__Aim of the task__
Look through the listing and locate every line containing the word "type"; copy those lines.

__Excerpted records__
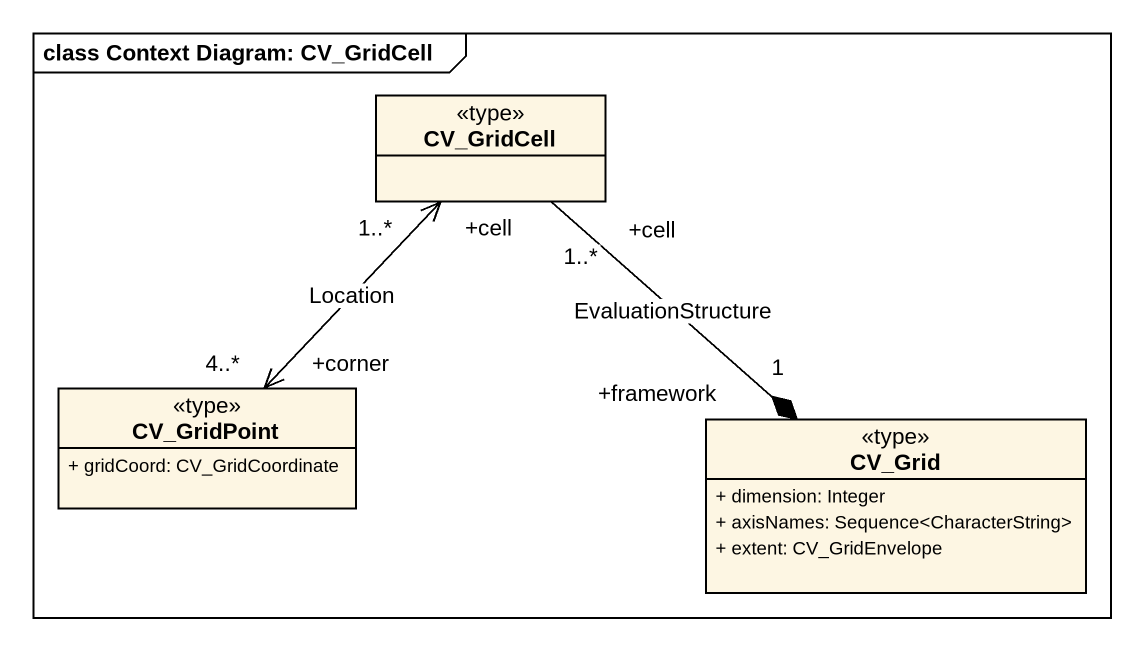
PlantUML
@startuml
mainframe class Context Diagram: CV_GridCell
hide circle
hide empty members
skinparam classAttributeIconSize 0
class CV_GridCell <<type>>
class CV_GridPoint <<type>> {
  + gridCoord: CV_GridCoordinate
}
class CV_Grid <<type>> {
  + dimension: Integer
  + axisNames: Sequence<CharacterString>
  + extent: CV_GridEnvelope
}
CV_GridCell "+cell\n1..*" <--> "+corner\n4..*" CV_GridPoint : Location
CV_GridCell "+cell\n1..*" --* "+framework\n1" CV_Grid : EvaluationStructure
@enduml
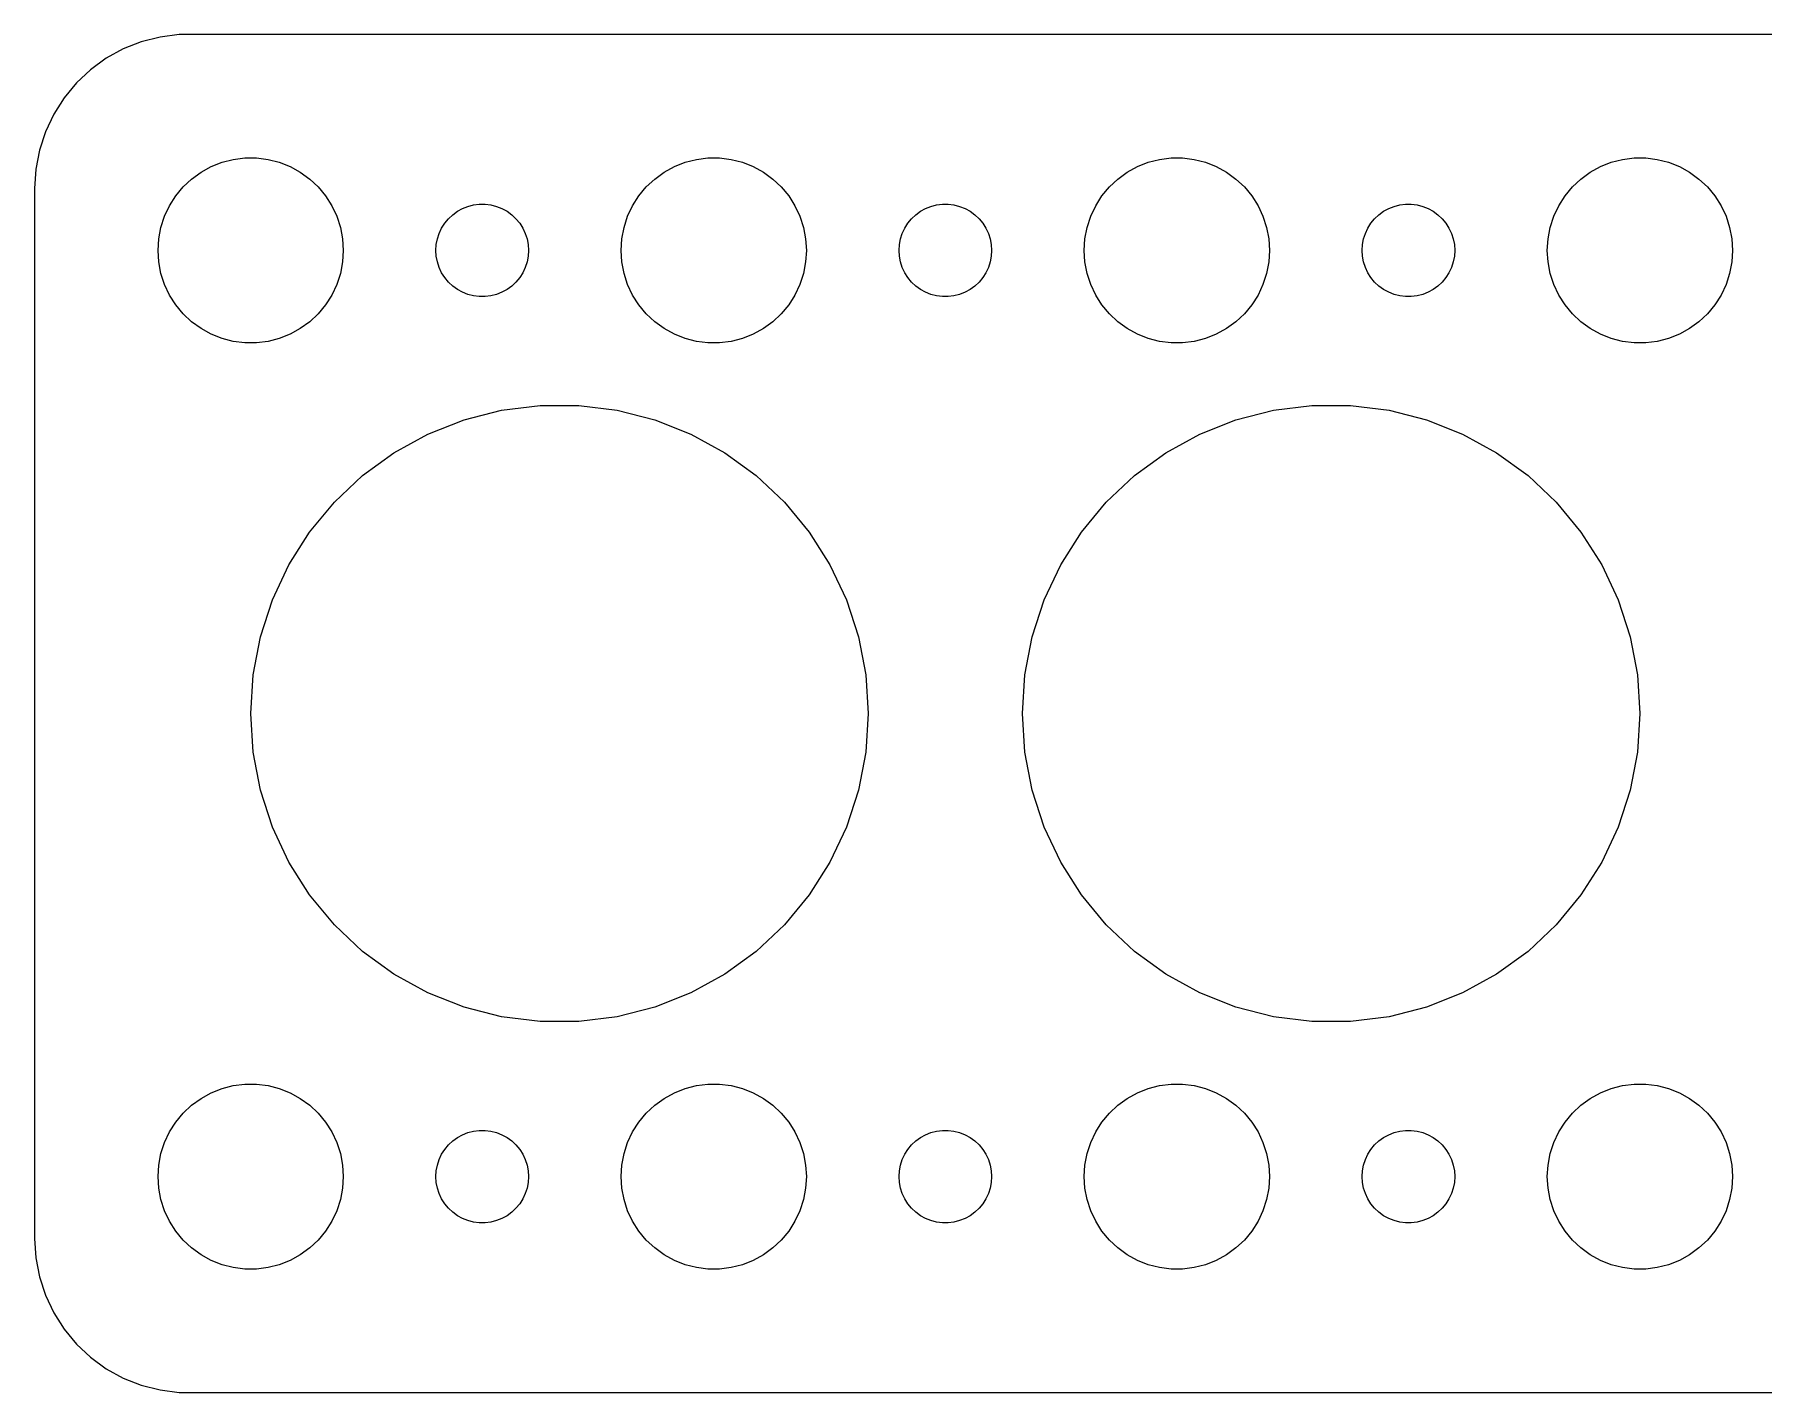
# Model space of a CAD drawing. Header units: metres. Extents: x -67 to 67, y 32 to 76.
# Drawn here: x -67 to -11, y 32 to 76 of the extents above; entities that cross this region are included whole.
import ezdxf

# ---------------------------------------------------------------- set-up
doc = ezdxf.new("R2010")
doc.units = ezdxf.units.M

msp = doc.modelspace()

# ---------------------------------------------------------------- linework, layer by layer
for p, q in [((-63.5451, 75.7553), (-64.1289, 75.5241)), ((-62.9369, 75.9114), (-63.5451, 75.7553)), ((-62.3139, 75.9901), (-62.9369, 75.9114)), ((62.3139, 75.9901), (-62.3139, 75.9901)), ((-64.6791, 75.2216), (-65.1871, 74.8526)), ((-64.1289, 75.5241), (-64.6791, 75.2216)), ((-65.1871, 74.8526), (-65.6448, 74.4227)), ((-66.0451, 73.9389), (-66.3815, 73.4088)), ((-65.6448, 74.4227), (-66.0451, 73.9389)), ((-66.3815, 73.4088), (-66.6489, 72.8406)), ((-66.6489, 72.8406), (-66.8429, 72.2434)), ((-66.8429, 72.2434), (-66.9606, 71.6267)), ((-61.6075, 71.533), (-61.2773, 71.7145)), ((-61.2773, 71.7145), (-60.927, 71.8532)), ((-60.927, 71.8532), (-60.5621, 71.9469)), ((-60.5621, 71.9469), (-60.1884, 71.9941)), ((-60.1884, 71.9941), (-59.8116, 71.9941)), ((-59.8116, 71.9941), (-59.4379, 71.9469)), ((-59.4379, 71.9469), (-59.0729, 71.8532)), ((-59.0729, 71.8532), (-58.7227, 71.7145)), ((-58.7227, 71.7145), (-58.3925, 71.533)), ((-46.6075, 71.533), (-46.2773, 71.7145)), ((-46.2773, 71.7145), (-45.927, 71.8532)), ((-45.927, 71.8532), (-45.5621, 71.9469)), ((-45.5621, 71.9469), (-45.1884, 71.9941)), ((-45.1884, 71.9941), (-44.8116, 71.9941)), ((-44.8116, 71.9941), (-44.4379, 71.9469)), ((-44.4379, 71.9469), (-44.0729, 71.8532)), ((-44.0729, 71.8532), (-43.7227, 71.7145)), ((-43.7227, 71.7145), (-43.3925, 71.533)), ((-31.6075, 71.533), (-31.2773, 71.7145)), ((-31.2773, 71.7145), (-30.927, 71.8532)), ((-30.927, 71.8532), (-30.5621, 71.9469)), ((-30.5621, 71.9469), (-30.1884, 71.9941)), ((-30.1884, 71.9941), (-29.8116, 71.9941)), ((-29.8116, 71.9941), (-29.4379, 71.9469)), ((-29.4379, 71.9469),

__Exercise answer__
class CV_GridCell <<type>>
class CV_GridPoint <<type>> {
class CV_Grid <<type>> {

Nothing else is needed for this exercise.